Se Alvaro Bianchi – e seus admiradores – tiverem o tempo e a paciência para aprofundar o estudo, vão descobrir que todos os argumentos contra o “militantismo” já foram expressos mais de cem anos atrás. Com a única diferença que, talvez, o nível da polêmica era um pouco mais elevado: até porque foi conduzida por cabeças como as de Axelrod e Plekhanov, que foram capazes de oferecer artigos ao oportunismo, espero não ser ofensivo, mais brilhantes do que o de Alvaro Bianchi (3).

Até agora os filósofos se preocuparam em interpretar o mundo…
Como entendemos, a verdadeira aposta em jogo quando se discute a militância é a finalidade para a qual se constrói (ou se recusa a construir) um verdadeiro partido revolucionário: é a questão do poder da classe operária e a da revolução que é necessária para chegar ao poder, e que é impossível de se fazer sem um partido de militantes, ou com um sucedâneo de um partido de tipo bolchevique. Não estamos, assim, discutindo interpretações do mundo: se se tratasse apenas disso, como já sinalizou o Marx das Teses sobre Feuerbach, os filósofos seriam suficientes. Mas trata-se de mudar o mundo com uma revolução operária e socialista: e esta é uma questão que podem enfrentar com seriedade apenas os militantes revolucionários, os tribunos do povo, os operários com suas mãos calejadas. Aos acadêmicos, aos céticos que desprezam a militância disciplinada em um partido centralizado, deixamos de bom grado a sua academia, os seus blogs, os seus clichês pequeno-burgueses e – se isso pode dar-lhes alegria, assim como nos assegura o pós-moderno Toni Negri – até mesmo os passarinhos de São Francisco.

Notas
(1) A análise das posições políticas de Gramsci e de seu centrismo em relação ao debate contra o stalinismo pode ser lida no meu artigo “Gramsci traído”, publicado no site da LIT-QI: http://litci.org/pt/especiais/opiniao/gramsci-traido/.

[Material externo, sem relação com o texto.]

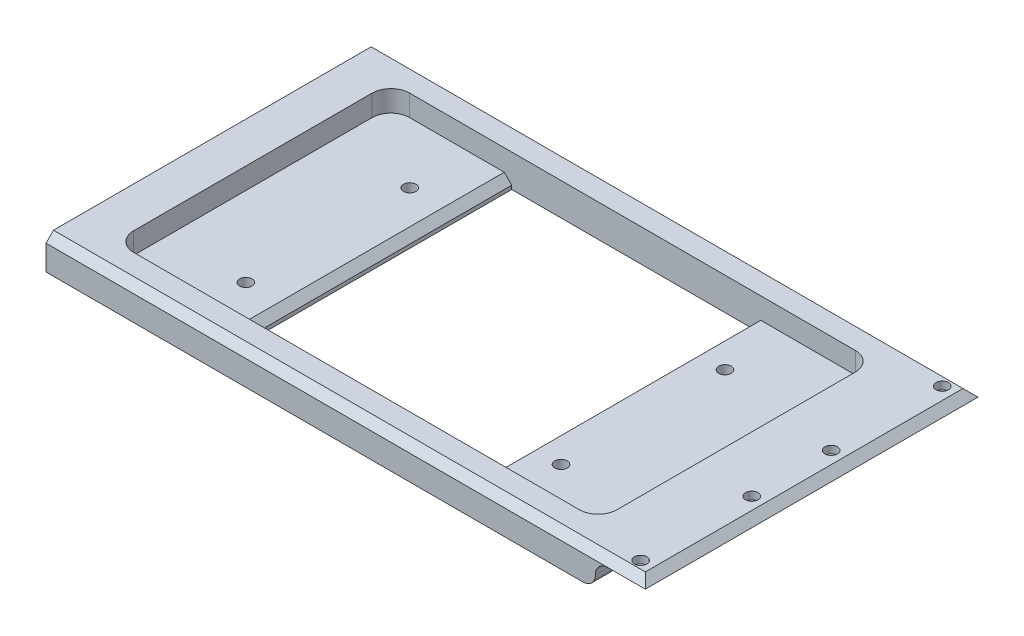
ISO-10303-21;
HEADER;
FILE_DESCRIPTION(('STEP AP214'),'2;1');
FILE_NAME('part.step','',(''),(''),'','','');
FILE_SCHEMA(('AUTOMOTIVE_DESIGN { 1 0 10303 214 1 1 1 1 }'));
ENDSEC;
DATA;
#1=APPLICATION_CONTEXT('core data for automotive mechanical design processes');
#2=APPLICATION_PROTOCOL_DEFINITION('international standard','automotive_design',2000,#1);
#3=PRODUCT_CONTEXT('',#1,'mechanical');
#4=PRODUCT('Part','Part','',(#3));
#5=PRODUCT_RELATED_PRODUCT_CATEGORY('part','',(#4));
#6=PRODUCT_DEFINITION_FORMATION('','',#4);
#7=PRODUCT_DEFINITION_CONTEXT('part definition',#1,'design');
#8=PRODUCT_DEFINITION('design','',#6,#7);
#9=PRODUCT_DEFINITION_SHAPE('','',#8);
#10=(LENGTH_UNIT() NAMED_UNIT(*) SI_UNIT(.MILLI.,.METRE.));
#11=(NAMED_UNIT(*) PLANE_ANGLE_UNIT() SI_UNIT($,.RADIAN.));
#12=(NAMED_UNIT(*) SI_UNIT($,.STERADIAN.) SOLID_ANGLE_UNIT());
#13=UNCERTAINTY_MEASURE_WITH_UNIT(LENGTH_MEASURE(1.E-05),#10,'distance_accuracy_value','');
#14=(GEOMETRIC_REPRESENTATION_CONTEXT(3) GLOBAL_UNCERTAINTY_ASSIGNED_CONTEXT((#13)) GLOBAL_UNIT_ASSIGNED_CONTEXT((#10,
#11,#12)) REPRESENTATION_CONTEXT('',''));
#15=CARTESIAN_POINT('',(0.,0.,0.));
#16=DIRECTION('',(0.,0.,1.));
#17=DIRECTION('',(1.,0.,0.));
#18=AXIS2_PLACEMENT_3D('',#15,#16,#17);
#19=CARTESIAN_POINT('',(-89.25,4.5,47.75));
#20=DIRECTION('',(0.,1.,0.));
#21=DIRECTION('',(0.,0.,1.));
#22=AXIS2_PLACEMENT_3D('',#19,#20,#21);
#23=PLANE('',#22);
#24=DIRECTION('',(-1.,0.,0.));
#25=VECTOR('',#24,1.);
#26=CARTESIAN_POINT('',(-89.25,4.5,-55.25));
#27=LINE('',#26,#25);
#28=CARTESIAN_POINT('',(89.25,4.5,-55.25));
#29=VERTEX_POINT('',#28);
#30=CARTESIAN_POINT('',(51.3518438840057,4.5,-55.25));
#31=VERTEX_POINT('',#30);
#32=EDGE_CURVE('E328',#29,#31,#27,.T.);
#33=ORIENTED_EDGE('',*,*,#32,.T.);
#34=DIRECTION('',(0.,0.,1.));
#35=VECTOR('',#34,1.);
#36=CARTESIAN_POINT('',(51.3518438840057,4.5,55.25));
#37=LINE('',#36,#35);
#38=CARTESIAN_POINT('',(51.3518438840057,4.5,55.25));
#39=VERTEX_POINT('',#38);
#40=EDGE_CURVE('E457',#31,#39,#37,.T.);
#41=ORIENTED_EDGE('',*,*,#40,.T.);
#42=DIRECTION('',(1.,0.,0.));
#43=VECTOR('',#42,1.);
#44=CARTESIAN_POINT('',(-89.25,4.5,55.25));
#45=LINE('',#44,#43);
#46=CARTESIAN_POINT('',(89.25,4.5,55.25));
#47=VERTEX_POINT('',#46);
#48=EDGE_CURVE('E309',#39,#47,#45,.T.);
#49=ORIENTED_EDGE('',*,*,#48,.T.);
#50=CARTESIAN_POINT('',(89.25,4.5,47.75));
#51=DIRECTION('',(0.,1.,0.));
#52=DIRECTION('',(0.,0.,1.));
#53=AXIS2_PLACEMENT_3D('',#50,#51,#52);
#54=CIRCLE('',#53,7.50000000000001);
#55=CARTESIAN_POINT('',(96.75,4.5,47.75));
#56=VERTEX_POINT('',#55);
#57=EDGE_CURVE('E315',#47,#56,#54,.T.);
#58=ORIENTED_EDGE('',*,*,#57,.T.);
#59=DIRECTION('',(0.,0.,-1.));
#60=VECTOR('',#59,1.);
#61=CARTESIAN_POINT('',(96.75,4.5,-47.75));
#62=LINE('',#61,#60);
#63=CARTESIAN_POINT('',(96.75,4.5,-47.75));
#64=VERTEX_POINT('',#63);
#65=EDGE_CURVE('E319',#56,#64,#62,.T.);
#66=ORIENTED_EDGE('',*,*,#65,.T.);
#67=CARTESIAN_POINT('',(89.25,4.5,-47.75));
#68=DIRECTION('',(0.,1.,0.));
#69=DIRECTION('',(0.,0.,-1.));
#70=AXIS2_PLACEMENT_3D('',#67,#68,#69);
#71=CIRCLE('',#70,7.5);
#72=EDGE_CURVE('E323',#64,#29,#71,.T.);
#73=ORIENTED_EDGE('',*,*,#72,.T.);
#74=EDGE_LOOP('',(#33,#41,#49,#58,#66,#73));
#75=FACE_BOUND('',#74,.T.);
#76=CARTESIAN_POINT('',(61.34,4.5,34.72));
#77=DIRECTION('',(0.,1.,0.));
#78=DIRECTION('',(0.,0.,1.));
#79=AXIS2_PLACEMENT_3D('',#76,#77,#78);
#80=CIRCLE('',#79,2.49999999999999);
#81=CARTESIAN_POINT('',(61.34,4.5,37.22));
#82=VERTEX_POINT('',#81);
#83=EDGE_CURVE('E288',#82,#82,#80,.T.);
#84=ORIENTED_EDGE('',*,*,#83,.F.);
#85=EDGE_LOOP('',(#84));
#86=FACE_BOUND('',#85,.T.);
#87=CARTESIAN_POINT('',(61.34,4.5,-30.93));
#88=DIRECTION('',(0.,1.,0.));
#89=DIRECTION('',(0.,0.,1.));
#90=AXIS2_PLACEMENT_3D('',#87,#88,#89);
#91=CIRCLE('',#90,2.49999999999999);
#92=CARTESIAN_POINT('',(61.34,4.5,-28.43));
#93=VERTEX_POINT('',#92);
#94=EDGE_CURVE('E280',#93,#93,#91,.T.);
#95=ORIENTED_EDGE('',*,*,#94,.F.);
#96=EDGE_LOOP('',(#95));
#97=FACE_BOUND('',#96,.T.);
#98=ADVANCED_FACE('F57',(#75,#86,#97),#23,.T.);
#99=CARTESIAN_POINT('',(-113.,13.,-66.6));
#100=DIRECTION('',(1.,0.,0.));
#101=DIRECTION('',(0.,0.,-1.));
#102=AXIS2_PLACEMENT_3D('',#99,#100,#101);
#103=PLANE('',#102);
#104=DIRECTION('',(0.,-1.,0.));
#105=VECTOR('',#104,1.);
#106=CARTESIAN_POINT('',(-113.,13.,66.6));
#107=LINE('',#106,#105);
#108=CARTESIAN_POINT('',(-113.,10.,66.6));
#109=VERTEX_POINT('',#108);
#110=CARTESIAN_POINT('',(-113.,0.,66.6));
#111=VERTEX_POINT('',#110);
#112=EDGE_CURVE('E413',#109,#111,#107,.T.);
#113=ORIENTED_EDGE('',*,*,#112,.F.);
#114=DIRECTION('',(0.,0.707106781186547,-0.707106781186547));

(2) Para um aprofundamento sobre este assunto, permito me remeter a um artigo meu: “Democracia sem centralismo não tem nada a ver com o bolchevismo”, publicado no blog Convergência e no site da LIT-QI: http://litci.org/pt/especiais/opiniao/democracia-sem-centralismo-nao-tem-nada-a-ver-com-o-bolchevismo/.

(3) Em italiano há uma boa coletânea dos principais textos da polêmica iniciada no Iskra e que continuou no “novo” Iskra. Está no livro editado por Giorgio Migliardi: Lenin e os mencheviques. O Iskra (1900-1905).